The paper also outlines regulation to review import duties that favour asbestos in some countries can be adjusted to favour asbestos substitution. Long-term operating costs for properly maintaining and renovating structures made with asbestos, not to mention the constant health threat to workers and building occupants, favour constructing the next generation of infrastructure with an increasing array of safer substitute materials.
Reform of the Rotterdam Convention
Hazardous chemical regulation is linked, for some countries, to listing of that chemical onto Annex III of the Rotterdam Convention. This is especially the case for some countries from the global south e.g. Tanzania. While the convention itself relates to Prior Informed Consent for exporting listed chemicals, a result of that listing is often national regulation of that chemical. This is likely the reason chrysotile exporting countries and their allies have blocked the listing of chrysotile asbestos for 15 years and counting. As the convention requires consensus of all parties for listing onto Annex III just an objection on any grounds by one Party is enough to block its listing under the current procedures. An opportunity exists however to modernise the Convention and strengthen the Convention in its effectiveness with specific proposals for reform that preserve the consensus principle for the vast majority of chemicals, but also provide a place on the Convention for chemicals recommended for listing by the Chemical Review Committee of the Convention and supported by more than 75% of the Parties to the Convention. If a proposal such as this were to succeed, and chrysotile asbestos was listed, it would significantly change the regulatory outlook and encourage national governments to act to impose stricter national regulations on chrysotile asbestos.
Growth of national, regional and global ban asbestos networks
The International Ban Asbestos Secretariat was established in 2000. It provides a conduit for the exchange of information between groups and individuals working to achieve a global asbestos ban and seeking to alleviate the damage caused by widespread asbestos use.
Since 2009 the Asia Ban Asbestos Network has also been active in the region.

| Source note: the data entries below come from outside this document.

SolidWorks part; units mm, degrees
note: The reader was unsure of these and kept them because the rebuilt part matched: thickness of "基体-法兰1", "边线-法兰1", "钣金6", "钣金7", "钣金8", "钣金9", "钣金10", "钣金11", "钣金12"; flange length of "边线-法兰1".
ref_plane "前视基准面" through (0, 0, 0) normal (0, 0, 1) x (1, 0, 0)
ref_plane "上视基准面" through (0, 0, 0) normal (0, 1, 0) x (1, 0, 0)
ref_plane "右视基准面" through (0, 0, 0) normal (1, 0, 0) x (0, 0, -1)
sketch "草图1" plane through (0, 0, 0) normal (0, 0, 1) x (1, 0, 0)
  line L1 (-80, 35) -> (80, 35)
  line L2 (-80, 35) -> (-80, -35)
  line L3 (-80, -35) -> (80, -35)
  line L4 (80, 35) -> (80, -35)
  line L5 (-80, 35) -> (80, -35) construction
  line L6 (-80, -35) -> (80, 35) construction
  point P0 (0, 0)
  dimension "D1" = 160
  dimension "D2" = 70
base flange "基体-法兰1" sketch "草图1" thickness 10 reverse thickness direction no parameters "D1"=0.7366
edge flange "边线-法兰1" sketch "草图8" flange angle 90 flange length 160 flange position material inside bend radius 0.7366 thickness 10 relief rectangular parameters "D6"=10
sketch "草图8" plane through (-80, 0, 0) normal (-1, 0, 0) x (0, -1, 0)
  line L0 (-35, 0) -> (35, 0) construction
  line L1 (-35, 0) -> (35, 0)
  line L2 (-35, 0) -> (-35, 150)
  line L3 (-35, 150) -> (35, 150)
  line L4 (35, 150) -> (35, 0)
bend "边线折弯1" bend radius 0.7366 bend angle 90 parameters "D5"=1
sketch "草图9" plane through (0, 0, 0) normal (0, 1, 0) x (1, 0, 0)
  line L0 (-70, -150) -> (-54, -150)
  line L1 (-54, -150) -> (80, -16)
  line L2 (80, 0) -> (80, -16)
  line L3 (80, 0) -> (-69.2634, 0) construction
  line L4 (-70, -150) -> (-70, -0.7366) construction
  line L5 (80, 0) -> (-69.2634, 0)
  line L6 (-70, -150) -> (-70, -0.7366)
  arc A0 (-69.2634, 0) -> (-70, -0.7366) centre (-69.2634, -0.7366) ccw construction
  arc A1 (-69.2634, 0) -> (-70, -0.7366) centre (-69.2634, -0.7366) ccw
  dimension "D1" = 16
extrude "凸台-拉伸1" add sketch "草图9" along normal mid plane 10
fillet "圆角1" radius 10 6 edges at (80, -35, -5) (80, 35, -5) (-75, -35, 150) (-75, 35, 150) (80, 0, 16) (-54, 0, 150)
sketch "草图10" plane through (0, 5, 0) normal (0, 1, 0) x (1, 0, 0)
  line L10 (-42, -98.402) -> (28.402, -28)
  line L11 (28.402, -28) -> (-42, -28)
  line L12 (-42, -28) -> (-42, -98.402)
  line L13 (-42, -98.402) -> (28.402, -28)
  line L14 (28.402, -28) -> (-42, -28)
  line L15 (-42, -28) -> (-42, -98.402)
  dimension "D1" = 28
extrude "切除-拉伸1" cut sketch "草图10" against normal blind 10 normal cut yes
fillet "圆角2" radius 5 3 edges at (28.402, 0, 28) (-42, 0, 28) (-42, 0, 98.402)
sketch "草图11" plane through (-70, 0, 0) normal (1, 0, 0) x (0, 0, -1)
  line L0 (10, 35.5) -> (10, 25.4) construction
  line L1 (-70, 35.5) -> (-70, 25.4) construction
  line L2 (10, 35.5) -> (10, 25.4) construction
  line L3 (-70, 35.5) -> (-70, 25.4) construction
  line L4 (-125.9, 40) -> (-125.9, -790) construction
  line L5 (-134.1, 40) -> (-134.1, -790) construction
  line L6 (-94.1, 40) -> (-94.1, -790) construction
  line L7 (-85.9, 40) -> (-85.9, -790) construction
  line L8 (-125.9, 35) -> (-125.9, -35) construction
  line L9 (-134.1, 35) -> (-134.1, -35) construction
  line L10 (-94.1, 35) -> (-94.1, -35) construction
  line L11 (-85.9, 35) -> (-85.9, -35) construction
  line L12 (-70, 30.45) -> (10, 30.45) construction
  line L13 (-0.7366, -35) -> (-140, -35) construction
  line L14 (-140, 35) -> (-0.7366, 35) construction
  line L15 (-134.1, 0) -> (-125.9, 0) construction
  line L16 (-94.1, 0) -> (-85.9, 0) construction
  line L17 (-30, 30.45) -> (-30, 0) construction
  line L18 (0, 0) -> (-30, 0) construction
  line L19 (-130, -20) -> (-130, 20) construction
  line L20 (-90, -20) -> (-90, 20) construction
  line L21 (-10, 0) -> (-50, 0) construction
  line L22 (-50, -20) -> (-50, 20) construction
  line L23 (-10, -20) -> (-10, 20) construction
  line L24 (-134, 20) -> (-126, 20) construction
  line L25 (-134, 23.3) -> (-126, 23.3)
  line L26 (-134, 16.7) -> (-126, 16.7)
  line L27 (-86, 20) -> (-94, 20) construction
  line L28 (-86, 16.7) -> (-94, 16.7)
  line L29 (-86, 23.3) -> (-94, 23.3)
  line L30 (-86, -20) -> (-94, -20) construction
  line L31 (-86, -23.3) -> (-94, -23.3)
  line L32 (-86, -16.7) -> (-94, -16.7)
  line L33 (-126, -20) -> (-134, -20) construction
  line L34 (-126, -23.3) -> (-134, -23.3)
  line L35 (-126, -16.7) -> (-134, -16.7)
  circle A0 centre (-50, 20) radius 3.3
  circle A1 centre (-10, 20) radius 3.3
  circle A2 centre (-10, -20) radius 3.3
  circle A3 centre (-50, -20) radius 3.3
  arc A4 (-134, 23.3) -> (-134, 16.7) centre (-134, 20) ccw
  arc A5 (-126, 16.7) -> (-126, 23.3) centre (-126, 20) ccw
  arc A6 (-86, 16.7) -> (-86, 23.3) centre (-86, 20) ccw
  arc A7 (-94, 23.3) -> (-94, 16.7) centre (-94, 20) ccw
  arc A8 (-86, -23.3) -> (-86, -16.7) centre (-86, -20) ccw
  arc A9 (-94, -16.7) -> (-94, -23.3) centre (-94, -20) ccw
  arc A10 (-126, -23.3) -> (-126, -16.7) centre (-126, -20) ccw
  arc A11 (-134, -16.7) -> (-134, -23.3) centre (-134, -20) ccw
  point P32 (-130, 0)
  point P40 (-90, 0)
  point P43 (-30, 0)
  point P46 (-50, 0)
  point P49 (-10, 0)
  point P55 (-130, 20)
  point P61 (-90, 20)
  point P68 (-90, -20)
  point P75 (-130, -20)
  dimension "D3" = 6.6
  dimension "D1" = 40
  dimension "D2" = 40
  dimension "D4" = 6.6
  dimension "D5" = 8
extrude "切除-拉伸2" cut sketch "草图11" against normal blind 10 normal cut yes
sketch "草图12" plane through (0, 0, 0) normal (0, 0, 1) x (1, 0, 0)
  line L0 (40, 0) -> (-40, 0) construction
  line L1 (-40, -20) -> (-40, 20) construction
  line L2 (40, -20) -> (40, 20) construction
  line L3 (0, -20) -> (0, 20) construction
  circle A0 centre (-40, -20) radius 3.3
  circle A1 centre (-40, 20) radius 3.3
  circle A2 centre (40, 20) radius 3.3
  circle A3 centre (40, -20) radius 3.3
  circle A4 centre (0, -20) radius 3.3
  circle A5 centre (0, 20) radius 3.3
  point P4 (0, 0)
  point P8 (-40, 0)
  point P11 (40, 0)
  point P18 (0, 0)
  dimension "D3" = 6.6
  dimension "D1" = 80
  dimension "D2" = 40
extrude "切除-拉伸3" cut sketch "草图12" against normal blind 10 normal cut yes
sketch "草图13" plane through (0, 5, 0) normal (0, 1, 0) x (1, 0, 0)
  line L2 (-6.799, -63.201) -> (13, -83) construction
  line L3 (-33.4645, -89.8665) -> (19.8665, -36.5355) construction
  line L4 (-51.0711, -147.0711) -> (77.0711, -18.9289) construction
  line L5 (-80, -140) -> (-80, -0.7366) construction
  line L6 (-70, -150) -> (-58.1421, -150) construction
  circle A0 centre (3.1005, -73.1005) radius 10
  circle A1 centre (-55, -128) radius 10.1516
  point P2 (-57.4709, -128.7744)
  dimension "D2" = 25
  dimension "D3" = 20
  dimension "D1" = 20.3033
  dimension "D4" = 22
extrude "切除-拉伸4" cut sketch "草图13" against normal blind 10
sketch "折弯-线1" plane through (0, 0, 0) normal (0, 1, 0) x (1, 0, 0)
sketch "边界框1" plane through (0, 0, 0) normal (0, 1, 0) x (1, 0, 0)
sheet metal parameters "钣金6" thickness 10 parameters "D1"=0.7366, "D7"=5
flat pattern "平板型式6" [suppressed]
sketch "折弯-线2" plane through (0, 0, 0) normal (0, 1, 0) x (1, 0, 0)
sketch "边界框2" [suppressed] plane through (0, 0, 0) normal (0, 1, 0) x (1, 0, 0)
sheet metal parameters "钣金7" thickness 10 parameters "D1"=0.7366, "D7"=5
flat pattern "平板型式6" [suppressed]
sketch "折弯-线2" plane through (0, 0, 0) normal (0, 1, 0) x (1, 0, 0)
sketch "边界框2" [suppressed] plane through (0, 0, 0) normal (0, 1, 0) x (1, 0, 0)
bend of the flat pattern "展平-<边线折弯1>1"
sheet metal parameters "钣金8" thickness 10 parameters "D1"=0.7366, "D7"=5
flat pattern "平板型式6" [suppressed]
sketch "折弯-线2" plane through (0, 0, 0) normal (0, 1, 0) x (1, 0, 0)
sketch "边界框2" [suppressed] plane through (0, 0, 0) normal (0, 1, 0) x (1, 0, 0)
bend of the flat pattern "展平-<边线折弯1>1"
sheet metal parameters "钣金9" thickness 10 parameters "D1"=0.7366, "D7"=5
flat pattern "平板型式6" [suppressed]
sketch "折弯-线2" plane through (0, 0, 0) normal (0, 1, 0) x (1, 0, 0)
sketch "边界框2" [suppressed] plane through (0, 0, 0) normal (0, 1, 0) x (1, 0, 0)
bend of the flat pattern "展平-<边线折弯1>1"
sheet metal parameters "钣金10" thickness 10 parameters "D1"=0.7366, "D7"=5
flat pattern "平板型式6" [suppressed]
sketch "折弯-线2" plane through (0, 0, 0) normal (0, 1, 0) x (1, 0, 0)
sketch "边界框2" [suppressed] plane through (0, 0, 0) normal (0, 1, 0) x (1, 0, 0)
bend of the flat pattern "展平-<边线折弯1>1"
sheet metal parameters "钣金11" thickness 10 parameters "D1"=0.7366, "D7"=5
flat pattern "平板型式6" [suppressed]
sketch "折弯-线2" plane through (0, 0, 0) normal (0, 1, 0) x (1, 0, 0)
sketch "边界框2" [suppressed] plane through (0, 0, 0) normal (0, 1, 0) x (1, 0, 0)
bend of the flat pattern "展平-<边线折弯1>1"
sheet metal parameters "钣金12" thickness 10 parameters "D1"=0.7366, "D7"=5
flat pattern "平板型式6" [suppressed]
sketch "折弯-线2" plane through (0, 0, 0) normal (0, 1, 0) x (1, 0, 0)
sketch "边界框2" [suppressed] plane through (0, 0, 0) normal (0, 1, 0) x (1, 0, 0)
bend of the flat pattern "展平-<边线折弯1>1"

In 2020 there were ten National Ban Asbestos networks across Asia. These networks bring together workers and their trade unions, health experts, victims groups, scientists, NGO’s and academics among others, working together to raise awareness on asbestos exposure risk, fight the pro-asbestos industries misinformation and influence within governments, bringing local voices of those that are suffering as well as local and international evidence on asbestos related diseases to the attention of national and regional policy makers. The work of these networks and activists is raising the alarm to workers, consumers and policy makers and advocating for national bans on asbestos import and use and proper management of remaining asbestos products and waste material to minimise exposure.